Stored dataset items
┄┄┄┄┄┄

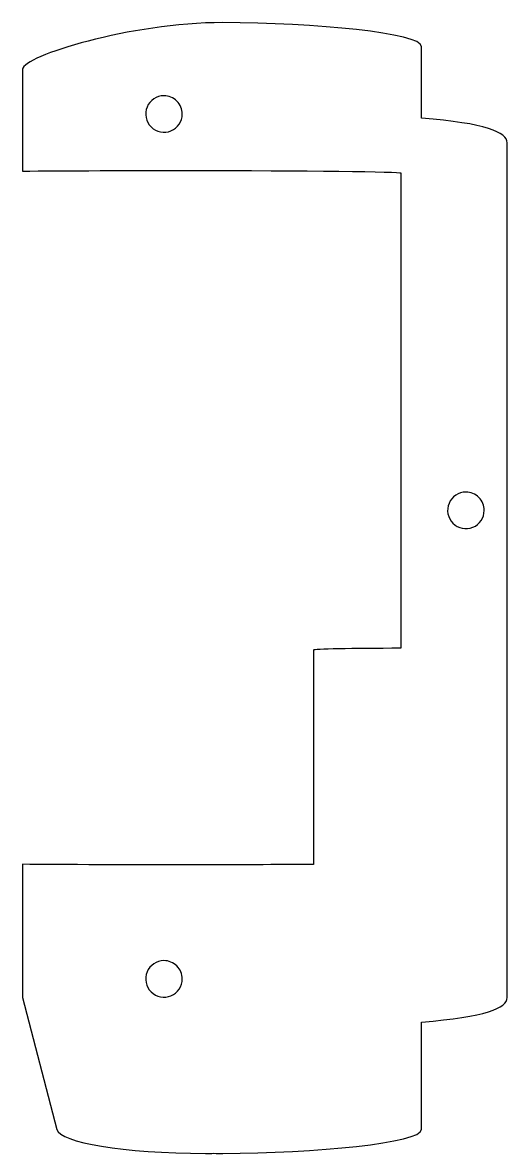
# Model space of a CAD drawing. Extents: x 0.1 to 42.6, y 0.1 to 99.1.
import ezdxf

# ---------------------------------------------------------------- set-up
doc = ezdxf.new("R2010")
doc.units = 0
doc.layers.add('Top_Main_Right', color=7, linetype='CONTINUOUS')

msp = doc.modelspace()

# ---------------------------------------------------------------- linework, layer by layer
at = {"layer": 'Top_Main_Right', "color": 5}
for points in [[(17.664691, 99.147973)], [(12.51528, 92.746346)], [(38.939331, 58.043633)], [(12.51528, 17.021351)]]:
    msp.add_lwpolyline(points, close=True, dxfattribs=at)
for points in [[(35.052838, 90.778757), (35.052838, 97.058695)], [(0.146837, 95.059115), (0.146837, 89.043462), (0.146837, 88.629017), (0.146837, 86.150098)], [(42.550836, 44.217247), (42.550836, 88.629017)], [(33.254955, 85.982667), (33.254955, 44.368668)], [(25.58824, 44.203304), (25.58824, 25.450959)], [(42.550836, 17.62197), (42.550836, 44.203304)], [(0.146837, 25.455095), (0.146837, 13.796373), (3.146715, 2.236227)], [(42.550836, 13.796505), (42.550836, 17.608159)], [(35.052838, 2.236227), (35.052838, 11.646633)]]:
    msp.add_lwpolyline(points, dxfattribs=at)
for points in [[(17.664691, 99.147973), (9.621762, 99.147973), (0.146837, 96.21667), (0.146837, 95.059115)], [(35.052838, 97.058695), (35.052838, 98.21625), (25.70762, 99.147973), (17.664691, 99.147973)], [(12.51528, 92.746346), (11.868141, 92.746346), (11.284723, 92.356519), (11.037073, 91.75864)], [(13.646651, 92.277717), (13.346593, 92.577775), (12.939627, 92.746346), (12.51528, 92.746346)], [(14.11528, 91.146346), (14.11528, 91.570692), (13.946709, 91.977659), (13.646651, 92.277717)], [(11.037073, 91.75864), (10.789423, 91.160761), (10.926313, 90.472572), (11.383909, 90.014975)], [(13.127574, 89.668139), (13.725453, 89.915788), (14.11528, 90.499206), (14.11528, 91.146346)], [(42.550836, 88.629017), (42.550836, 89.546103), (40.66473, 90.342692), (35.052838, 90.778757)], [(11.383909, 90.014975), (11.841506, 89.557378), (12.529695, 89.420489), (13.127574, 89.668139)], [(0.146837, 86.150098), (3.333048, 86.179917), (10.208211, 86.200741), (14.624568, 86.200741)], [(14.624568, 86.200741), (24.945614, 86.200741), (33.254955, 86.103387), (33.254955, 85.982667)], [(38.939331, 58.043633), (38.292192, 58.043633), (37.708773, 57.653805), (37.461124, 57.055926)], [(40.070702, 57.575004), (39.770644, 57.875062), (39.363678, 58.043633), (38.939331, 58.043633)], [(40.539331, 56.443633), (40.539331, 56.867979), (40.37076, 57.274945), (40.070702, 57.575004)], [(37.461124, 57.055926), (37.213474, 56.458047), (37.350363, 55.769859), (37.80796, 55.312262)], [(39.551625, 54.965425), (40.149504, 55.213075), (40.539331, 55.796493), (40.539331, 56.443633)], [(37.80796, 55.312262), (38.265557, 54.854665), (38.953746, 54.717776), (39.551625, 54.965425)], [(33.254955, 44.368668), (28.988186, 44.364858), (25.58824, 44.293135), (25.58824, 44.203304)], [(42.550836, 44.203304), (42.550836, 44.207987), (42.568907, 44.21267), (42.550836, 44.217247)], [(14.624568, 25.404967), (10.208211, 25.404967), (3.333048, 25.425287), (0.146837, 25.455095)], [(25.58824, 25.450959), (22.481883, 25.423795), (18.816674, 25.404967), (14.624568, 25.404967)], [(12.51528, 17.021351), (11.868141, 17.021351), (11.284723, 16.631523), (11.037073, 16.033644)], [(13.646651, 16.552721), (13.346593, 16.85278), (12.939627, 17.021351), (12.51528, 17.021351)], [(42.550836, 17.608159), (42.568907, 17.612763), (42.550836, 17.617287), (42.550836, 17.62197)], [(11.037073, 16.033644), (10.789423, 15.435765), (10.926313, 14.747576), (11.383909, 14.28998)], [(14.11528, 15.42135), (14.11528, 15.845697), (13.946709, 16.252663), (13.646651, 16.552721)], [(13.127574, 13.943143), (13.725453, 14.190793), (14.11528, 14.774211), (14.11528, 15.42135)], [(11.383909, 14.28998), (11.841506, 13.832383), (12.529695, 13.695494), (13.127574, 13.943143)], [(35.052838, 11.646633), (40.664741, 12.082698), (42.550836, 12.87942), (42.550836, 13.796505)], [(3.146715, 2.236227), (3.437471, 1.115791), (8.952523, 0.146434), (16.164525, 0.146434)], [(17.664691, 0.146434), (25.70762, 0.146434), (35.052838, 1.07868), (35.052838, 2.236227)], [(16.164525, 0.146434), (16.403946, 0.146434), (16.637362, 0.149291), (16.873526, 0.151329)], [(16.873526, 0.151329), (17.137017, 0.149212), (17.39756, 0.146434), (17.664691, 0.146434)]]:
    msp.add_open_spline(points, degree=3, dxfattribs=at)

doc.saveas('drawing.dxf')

┄┄┄┄┄┄

▶ **Exercise**: An exact copy of the lines above, from the first through the line that holds "msp.add_lwpolyline(points, close=True, dxfattribs=at)", is what is needed; leave the pictures out.

▶ **Result of this task**:
# Model space of a CAD drawing. Extents: x 0.1 to 42.6, y 0.1 to 99.1.
import ezdxf

# ---------------------------------------------------------------- set-up
doc = ezdxf.new("R2010")
doc.units = 0
doc.layers.add('Top_Main_Right', color=7, linetype='CONTINUOUS')

msp = doc.modelspace()

# ---------------------------------------------------------------- linework, layer by layer
at = {"layer": 'Top_Main_Right', "color": 5}
for points in [[(17.664691, 99.147973)], [(12.51528, 92.746346)], [(38.939331, 58.043633)], [(12.51528, 17.021351)]]:
    msp.add_lwpolyline(points, close=True, dxfattribs=at)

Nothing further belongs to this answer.